--- Records for processing Enclosed Below ---

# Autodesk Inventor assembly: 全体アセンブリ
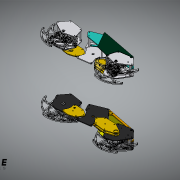
[picture p0: Inventor's stored thumbnail of the model, 180x180]
Saved by Autodesk Inventor 2019 (Build 230136000, 136)
## iProperties
Created: 2019-09-17
Part Number: 全体アセンブリ
Material: 一般
Document SubType Name: Assembly
Designer: tanjihayato
Author: tanjihayato
## Documents named in this file (41)
- \\Mac\Home\Documents\Inventor\2019お遊び機体\全体アセンブリ.iam
- \\Mac\Home\Documents\Inventor\2019お遊び機体\前足内フレーム.ipt
- \\Mac\Home\Documents\Inventor\2019お遊び機体\新型３クランクアセンブリ.iam
- \\Mac\Home\Documents\Inventor\2019お遊び機体\新型３脚最終段カム.ipt
- \\Mac\Home\Documents\Inventor\2019お遊び機体\スペーサ　m3-l35.ipt
- \\Mac\Home\Documents\Inventor\2019お遊び機体\新型３ヘッケン.ipt
- \\Mac\Home\Documents\Inventor\2019お遊び機体\新型３揺動節.ipt
- \\Mac\Home\Documents\Inventor\2019お遊び機体\線図.ipt
- \\Mac\Home\Documents\Inventor\2019お遊び機体\中間内フレーム.ipt
- \\Mac\Home\Documents\Inventor\2019お遊び機体\台形サスバー.ipt
- \\Mac\Home\Documents\Inventor\2019お遊び機体\ギアトレイン.ipt
- \\Mac\Home\Documents\Inventor\2019お遊び機体\スペーサ　m3-l5.ipt
- \\Mac\Home\Documents\Inventor\2019お遊び機体\中間外フレーム.ipt
- \\Mac\Home\Documents\Inventor\2019お遊び機体\前足外フレーム.ipt
- \\Mac\Home\Documents\Inventor\2019お遊び機体\前足カバー.ipt
- \\Mac\Home\Documents\Inventor\2019お遊び機体\後ろ脚内フレーム.ipt
- \\Mac\Home\Documents\Inventor\2019お遊び機体\後ろ脚内フレーム２.ipt
- \\Mac\Home\Documents\Inventor\2019お遊び機体\新型３クランクアセンブリ_MIR.iam
- \\Mac\Home\Documents\Inventor\2019お遊び機体\新型３ヘッケン_MIR.ipt
- \\Mac\Home\Documents\Inventor\2019お遊び機体\新型３揺動節_MIR.ipt
- \\Mac\Home\Documents\Inventor\2019お遊び機体\後ろ脚外フレーム.ipt
- \\Mac\Home\Documents\Inventor\2019お遊び機体\前足内フレーム_MIR.ipt
- \\Mac\Home\Documents\Inventor\2019お遊び機体\新型３クランクアセンブリ_MIR1.iam
- \\Mac\Home\Documents\Inventor\2019お遊び機体\新型３脚最終段カム_MIR.ipt
- \\Mac\Home\Documents\Inventor\2019お遊び機体\スペーサ　m3-l35_MIR.ipt
- \\Mac\Home\Documents\Inventor\2019お遊び機体\新型３ヘッケン_MIR1.ipt
- \\Mac\Home\Documents\Inventor\2019お遊び機体\新型３揺動節_MIR1.ipt
- \\Mac\Home\Documents\Inventor\2019お遊び機体\中間内フレーム_MIR.ipt
- \\Mac\Home\Documents\Inventor\2019お遊び機体\台形サスバー_MIR.ipt
- \\Mac\Home\Documents\Inventor\2019お遊び機体\ギアトレイン_MIR.ipt
- \\Mac\Home\Documents\Inventor\2019お遊び機体\スペーサ　m3-l5_MIR.ipt
- \\Mac\Home\Documents\Inventor\2019お遊び機体\中間外フレーム_MIR.ipt
- \\Mac\Home\Documents\Inventor\2019お遊び機体\前足外フレーム_MIR.ipt
- \\Mac\Home\Documents\Inventor\2019お遊び機体\前足カバー_MIR.ipt
- \\Mac\Home\Documents\Inventor\2019お遊び機体\後ろ脚内フレーム_MIR.ipt
- \\Mac\Home\Documents\Inventor\2019お遊び機体\後ろ脚内フレーム２_MIR.ipt
- \\Mac\Home\Documents\Inventor\2019お遊び機体\新型３クランクアセンブリ_MIR_MIR.iam
- \\Mac\Home\Documents\Inventor\2019お遊び機体\新型３ヘッケン_MIR_MIR.ipt
- \\Mac\Home\Documents\Inventor\2019お遊び機体\新型３揺動節_MIR_MIR.ipt
- \\Mac\Home\Documents\Inventor\2019お遊び機体\後ろ脚外フレーム_MIR.ipt
- \\Mac\Home\Documents\Inventor\2019お遊び機体\台形サスバー板.ipt
## Components (103 placed, 40 different names)
1. 前足内フレーム:1 — 挿入:29, 挿入:31, 挿入:32, 挿入:33, 挿入:37, 挿入:38
2. 新型３クランクアセンブリ:1 [sub-assembly] — 挿入:1, メイト:1, 挿入:8, 挿入:9, 挿入:10, 挿入:11
3. 新型３脚最終段カム:1 — 挿入:1, メイト:1, 挿入:38
4. スペーサ　m3-l35:1 — 挿入:31, 挿入:34, 挿入:35
5. スペーサ　m3-l35:2 — 挿入:29
6. スペーサ　m3-l35:3 — 挿入:33, 挿入:39
7. スペーサ　m3-l35:4 — メイト:2, メイト:3, メイト:4, メイト:5, 挿入:32, メイト:15
8. 新型３ヘッケン:1 — 挿入:11, 挿入:14
9. 新型３ヘッケン:2 — 挿入:10, 挿入:13
10. 新型３ヘッケン:3 — 挿入:9, 挿入:12
11. 新型３ヘッケン:4 — 挿入:7, 挿入:8
12. 新型３揺動節:1 — メイト:2, 挿入:7
13. 新型３揺動節:2 — メイト:3, 挿入:13
14. 新型３揺動節:3 — メイト:4, 挿入:12
15. 新型３揺動節:4 — メイト:5, 挿入:14
16. 線図:1 — メイト:11, メイト:12, メイト:13
17. 中間内フレーム:1 — メイト:11, メイト:12, メイト:13, 挿入:22, 挿入:23, 挿入:24, 挿入:25, 挿入:36, 挿入:42
18. 台形サスバー:1 — 挿入:27, 挿入:34, メイト:41
19. 台形サスバー:2 — 挿入:28, 挿入:35, メイト:42, フラッシュ:1
20. ギアトレイン:1 — 挿入:15, 挿入:16, 挿入:17, 挿入:18, 挿入:19, 挿入:20
21. ギアトレイン:2 — 挿入:21, メイト:10, 挿入:36, 挿入:37
22. スペーサ　m3-l5:1 — 挿入:17
23. スペーサ　m3-l5:2 — 挿入:20, メイト:10
24. スペーサ　m3-l5:3 — 挿入:19
25. スペーサ　m3-l5:4 — 挿入:16
26. スペーサ　m3-l5:5 — 挿入:15, 挿入:21
27. スペーサ　m3-l5:6 — 挿入:18
28. スペーサ　m3-l35:5 — 挿入:22, 挿入:26, 挿入:27, 挿入:28, メイト:40
29. スペーサ　m3-l35:6 — 挿入:23, メイト:14
30. スペーサ　m3-l35:7 — 挿入:25
31. スペーサ　m3-l35:8 — 挿入:24
32. 中間外フレーム:1 — 挿入:26, メイト:14, 挿入:109
33. 前足外フレーム:1 — 挿入:39, メイト:15, 挿入:40, メイト:16
34. 前足カバー:1 — 挿入:40, メイト:16
35. 後ろ脚内フレーム:1 — 挿入:41, メイト:17, 挿入:42
36. 後ろ脚内フレーム２:1 — 挿入:41, メイト:17, 挿入:51, 挿入:52, 挿入:53, 挿入:54, 挿入:56
37. 新型３クランクアセンブリ_MIR:1 [sub-assembly] — 挿入:43, 挿入:44, 挿入:45, 挿入:46, 挿入:55, メイト:18
38. 新型３ヘッケン_MIR:1 — 挿入:43, 挿入:50
39. 新型３ヘッケン_MIR:2 — 挿入:44, 挿入:48
40. 新型３ヘッケン_MIR:3 — 挿入:45, 挿入:49
41. 新型３ヘッケン_MIR:4 — 挿入:46, 挿入:47
42. 新型３揺動節_MIR:1 — 挿入:47, メイト:20
43. 新型３揺動節_MIR:2 — 挿入:48, メイト:22
44. 新型３揺動節_MIR:3 — 挿入:49, メイト:21
45. 新型３揺動節_MIR:4 — 挿入:50, メイト:19
46. スペーサ　m3-l35:9 — 挿入:52, メイト:23
47. スペーサ　m3-l35:10 — 挿入:51
48. スペーサ　m3-l35:11 — 挿入:54, メイト:19, メイト:20, メイト:21, メイト:22, 挿入:57
49. スペーサ　m3-l35:12 — 挿入:53
50. 新型３脚最終段カム:2 — 挿入:55, メイト:18, 挿入:56
51. 後ろ脚外フレーム:1 — 挿入:57, メイト:23
52. 前足内フレーム_MIR:1 — 挿入:58, 挿入:60, 挿入:61, 挿入:62, 挿入:63, 挿入:74
53. 新型３クランクアセンブリ_MIR1:1 [sub-assembly] — メイト:24, 挿入:59, 挿入:64, 挿入:65, 挿入:66, 挿入:67
54. 新型３脚最終段カム_MIR:1 — 挿入:58, メイト:24, 挿入:59
55. スペーサ　m3-l35_MIR:1 — 挿入:60, 挿入:72, 挿入:73
56. スペーサ　m3-l35_MIR:2 — 挿入:61
57. スペーサ　m3-l35_MIR:3 — 挿入:62, 挿入:90
58. スペーサ　m3-l35_MIR:4 — 挿入:63, メイト:25, メイト:26, メイト:27, メイト:28, メイト:31
59. 新型３ヘッケン_MIR1:1 — 挿入:64, 挿入:71
60. 新型３ヘッケン_MIR1:2 — 挿入:65, 挿入:69
61. 新型３ヘッケン_MIR1:3 — 挿入:66, 挿入:70
62. 新型３ヘッケン_MIR1:4 — 挿入:67, 挿入:68
63. 新型３揺動節_MIR1:1 — 挿入:68, メイト:25
64. 新型３揺動節_MIR1:2 — 挿入:69, メイト:26
65. 新型３揺動節_MIR1:3 — 挿入:70, メイト:27
66. 新型３揺動節_MIR1:4 — 挿入:71, メイト:28
67. 中間内フレーム_MIR:1 — 挿入:75, 挿入:85, 挿入:86, 挿入:87, 挿入:88, 挿入:92
68. 台形サスバー_MIR:1 — 挿入:72, 挿入:84, メイト:44, フラッシュ:2
69. 台形サスバー_MIR:2 — 挿入:73, 挿入:83, メイト:43
70. ギアトレイン_MIR:1 — 挿入:76, 挿入:77, 挿入:78, 挿入:79, 挿入:81, 挿入:82
71. ギアトレイン_MIR:2 — 挿入:74, 挿入:75, メイト:29, 挿入:80
72. スペーサ　m3-l5_MIR:1 — 挿入:76
73. スペーサ　m3-l5_MIR:2 — メイト:29, 挿入:77
74. スペーサ　m3-l5_MIR:3 — 挿入:78
75. スペーサ　m3-l5_MIR:4 — 挿入:79
76. スペーサ　m3-l5_MIR:5 — 挿入:80, 挿入:81
77. スペーサ　m3-l5_MIR:6 — 挿入:82
78. スペーサ　m3-l35_MIR:5 — 挿入:83, 挿入:84, 挿入:85, 挿入:89
79. スペーサ　m3-l35_MIR:6 — 挿入:86, メイト:30
80. スペーサ　m3-l35_MIR:7 — 挿入:87
81. スペーサ　m3-l35_MIR:8 — 挿入:88
82. 中間外フレーム_MIR:1 — メイト:30, 挿入:89, 挿入:109, メイト:40
83. 前足外フレーム_MIR:1 — メイト:31, 挿入:90, メイト:32, 挿入:91
84. 前足カバー_MIR:1 — メイト:32, 挿入:91
85. 後ろ脚内フレーム_MIR:1 — 挿入:92, メイト:33, 挿入:93
86. 後ろ脚内フレーム２_MIR:1 — メイト:33, 挿入:93, 挿入:102, 挿入:103, 挿入:104, 挿入:105, 挿入:106
87. 新型３クランクアセンブリ_MIR_MIR:1 [sub-assembly] — 挿入:94, 挿入:95, 挿入:96, 挿入:97, メイト:38, 挿入:107
88. 新型３ヘッケン_MIR_MIR:1 — 挿入:94, 挿入:101
89. 新型３ヘッケン_MIR_MIR:2 — 挿入:95, 挿入:99
90. 新型３ヘッケン_MIR_MIR:3 — 挿入:96, 挿入:100
91. 新型３ヘッケン_MIR_MIR:4 — 挿入:97, 挿入:98
92. 新型３揺動節_MIR_MIR:1 — 挿入:98, メイト:36
93. 新型３揺動節_MIR_MIR:2 — 挿入:99, メイト:34
94. 新型３揺動節_MIR_MIR:3 — 挿入:100, メイト:35
95. 新型３揺動節_MIR_MIR:4 — 挿入:101, メイト:37
96. スペーサ　m3-l35_MIR:9 — 挿入:102, メイト:39
97. スペーサ　m3-l35_MIR:10 — 挿入:103
98. スペーサ　m3-l35_MIR:11 — メイト:34, メイト:35, メイト:36, メイト:37, 挿入:104, 挿入:108
99. スペーサ　m3-l35_MIR:12 — 挿入:105
100. 新型３脚最終段カム_MIR:2 — 挿入:106, メイト:38, 挿入:107
101. 後ろ脚外フレーム_MIR:1 — メイト:39, 挿入:108
102. 台形サスバー板:1 — メイト:41, メイト:42, フラッシュ:1
103. 台形サスバー板:2 — メイト:43, メイト:44, フラッシュ:2
## Relationships (145: Insert 103, Mate 40, Flush 2)
- 挿入:1 [Insert]: 新型３クランクアセンブリ:1 ↔ 新型３脚最終段カム:1
- メイト:1 [Mate]: 新型３クランクアセンブリ:1 ↔ 新型３脚最終段カム:1
- メイト:2 [Mate]: スペーサ　m3-l35:4 ↔ 新型３揺動節:1
- メイト:3 [Mate]: スペーサ　m3-l35:4 ↔ 新型３揺動節:2
- メイト:4 [Mate]: スペーサ　m3-l35:4 ↔ 新型３揺動節:3
- メイト:5 [Mate]: スペーサ　m3-l35:4 ↔ 新型３揺動節:4
- 挿入:7 [Insert]: 新型３ヘッケン:4 ↔ 新型３揺動節:1
- 挿入:8 [Insert] (0.25 mm): 新型３クランクアセンブリ:1 ↔ 新型３ヘッケン:4
- 挿入:9 [Insert] (0.25 mm): 新型３クランクアセンブリ:1 ↔ 新型３ヘッケン:3
- 挿入:10 [Insert] (0.25 mm): 新型３クランクアセンブリ:1 ↔ 新型３ヘッケン:2
- 挿入:11 [Insert] (0.25 mm): 新型３クランクアセンブリ:1 ↔ 新型３ヘッケン:1
- 挿入:12 [Insert]: 新型３ヘッケン:3 ↔ 新型３揺動節:3
- 挿入:13 [Insert]: 新型３ヘッケン:2 ↔ 新型３揺動節:2
- 挿入:14 [Insert]: 新型３ヘッケン:1 ↔ 新型３揺動節:4
- 挿入:15 [Insert]: ギアトレイン:1 ↔ スペーサ　m3-l5:5
- 挿入:16 [Insert]: ギアトレイン:1 ↔ スペーサ　m3-l5:4
- 挿入:17 [Insert]: ギアトレイン:1 ↔ スペーサ　m3-l5:1
- 挿入:18 [Insert]: ギアトレイン:1 ↔ スペーサ　m3-l5:6
- 挿入:19 [Insert]: ギアトレイン:1 ↔ スペーサ　m3-l5:3
- 挿入:20 [Insert]: ギアトレイン:1 ↔ スペーサ　m3-l5:2
- 挿入:21 [Insert]: ギアトレイン:2 ↔ スペーサ　m3-l5:5
- メイト:10 [Mate]: ギアトレイン:2 ↔ スペーサ　m3-l5:2
- メイト:11 [Mate]: 線図:1 ↔ 中間内フレーム:1
- メイト:12 [Mate]: 線図:1 ↔ 中間内フレーム:1
- メイト:13 [Mate]: 線図:1 ↔ 中間内フレーム:1
- 挿入:22 [Insert]: 中間内フレーム:1 ↔ スペーサ　m3-l35:5
- 挿入:23 [Insert]: 中間内フレーム:1 ↔ スペーサ　m3-l35:6
- 挿入:24 [Insert]: 中間内フレーム:1 ↔ スペーサ　m3-l35:8
- 挿入:25 [Insert]: 中間内フレーム:1 ↔ スペーサ　m3-l35:7
- 挿入:26 [Insert]: スペーサ　m3-l35:5 ↔ 中間外フレーム:1
- メイト:14 [Mate]: スペーサ　m3-l35:6 ↔ 中間外フレーム:1
- 挿入:27 [Insert]: 台形サスバー:1 ↔ スペーサ　m3-l35:5
- 挿入:28 [Insert]: 台形サスバー:2 ↔ スペーサ　m3-l35:5
- 挿入:29 [Insert]: 前足内フレーム:1 ↔ スペーサ　m3-l35:2
- 挿入:31 [Insert]: 前足内フレーム:1 ↔ スペーサ　m3-l35:1
- 挿入:32 [Insert]: 前足内フレーム:1 ↔ スペーサ　m3-l35:4
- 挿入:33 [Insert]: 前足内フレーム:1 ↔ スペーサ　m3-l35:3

--- End of Enclosed Records for processing ---

Activity
The stretch of entries above that starts with the line containing "4. スペーサ　m3-l35:1 — 挿入:31, 挿入:34, 挿入:35" and goes on through the line containing "46. スペーサ　m3-l35:9 — 挿入:52, メイト:23" is to be transcribed exactly, and no other line is to be transcribed.

Response box
4. スペーサ　m3-l35:1 — 挿入:31, 挿入:34, 挿入:35
5. スペーサ　m3-l35:2 — 挿入:29
6. スペーサ　m3-l35:3 — 挿入:33, 挿入:39
7. スペーサ　m3-l35:4 — メイト:2, メイト:3, メイト:4, メイト:5, 挿入:32, メイト:15
8. 新型３ヘッケン:1 — 挿入:11, 挿入:14
9. 新型３ヘッケン:2 — 挿入:10, 挿入:13
10. 新型３ヘッケン:3 — 挿入:9, 挿入:12
11. 新型３ヘッケン:4 — 挿入:7, 挿入:8
12. 新型３揺動節:1 — メイト:2, 挿入:7
13. 新型３揺動節:2 — メイト:3, 挿入:13
14. 新型３揺動節:3 — メイト:4, 挿入:12
15. 新型３揺動節:4 — メイト:5, 挿入:14
16. 線図:1 — メイト:11, メイト:12, メイト:13
17. 中間内フレーム:1 — メイト:11, メイト:12, メイト:13, 挿入:22, 挿入:23, 挿入:24, 挿入:25, 挿入:36, 挿入:42
18. 台形サスバー:1 — 挿入:27, 挿入:34, メイト:41
19. 台形サスバー:2 — 挿入:28, 挿入:35, メイト:42, フラッシュ:1
20. ギアトレイン:1 — 挿入:15, 挿入:16, 挿入:17, 挿入:18, 挿入:19, 挿入:20
21. ギアトレイン:2 — 挿入:21, メイト:10, 挿入:36, 挿入:37
22. スペーサ　m3-l5:1 — 挿入:17
23. スペーサ　m3-l5:2 — 挿入:20, メイト:10
24. スペーサ　m3-l5:3 — 挿入:19
25. スペーサ　m3-l5:4 — 挿入:16
26. スペーサ　m3-l5:5 — 挿入:15, 挿入:21
27. スペーサ　m3-l5:6 — 挿入:18
28. スペーサ　m3-l35:5 — 挿入:22, 挿入:26, 挿入:27, 挿入:28, メイト:40
29. スペーサ　m3-l35:6 — 挿入:23, メイト:14
30. スペーサ　m3-l35:7 — 挿入:25
31. スペーサ　m3-l35:8 — 挿入:24
32. 中間外フレーム:1 — 挿入:26, メイト:14, 挿入:109
33. 前足外フレーム:1 — 挿入:39, メイト:15, 挿入:40, メイト:16
34. 前足カバー:1 — 挿入:40, メイト:16
35. 後ろ脚内フレーム:1 — 挿入:41, メイト:17, 挿入:42
36. 後ろ脚内フレーム２:1 — 挿入:41, メイト:17, 挿入:51, 挿入:52, 挿入:53, 挿入:54, 挿入:56
37. 新型３クランクアセンブリ_MIR:1 [sub-assembly] — 挿入:43, 挿入:44, 挿入:45, 挿入:46, 挿入:55, メイト:18
38. 新型３ヘッケン_MIR:1 — 挿入:43, 挿入:50
39. 新型３ヘッケン_MIR:2 — 挿入:44, 挿入:48
40. 新型３ヘッケン_MIR:3 — 挿入:45, 挿入:49
41. 新型３ヘッケン_MIR:4 — 挿入:46, 挿入:47
42. 新型３揺動節_MIR:1 — 挿入:47, メイト:20
43. 新型３揺動節_MIR:2 — 挿入:48, メイト:22
44. 新型３揺動節_MIR:3 — 挿入:49, メイト:21
45. 新型３揺動節_MIR:4 — 挿入:50, メイト:19
46. スペーサ　m3-l35:9 — 挿入:52, メイト:23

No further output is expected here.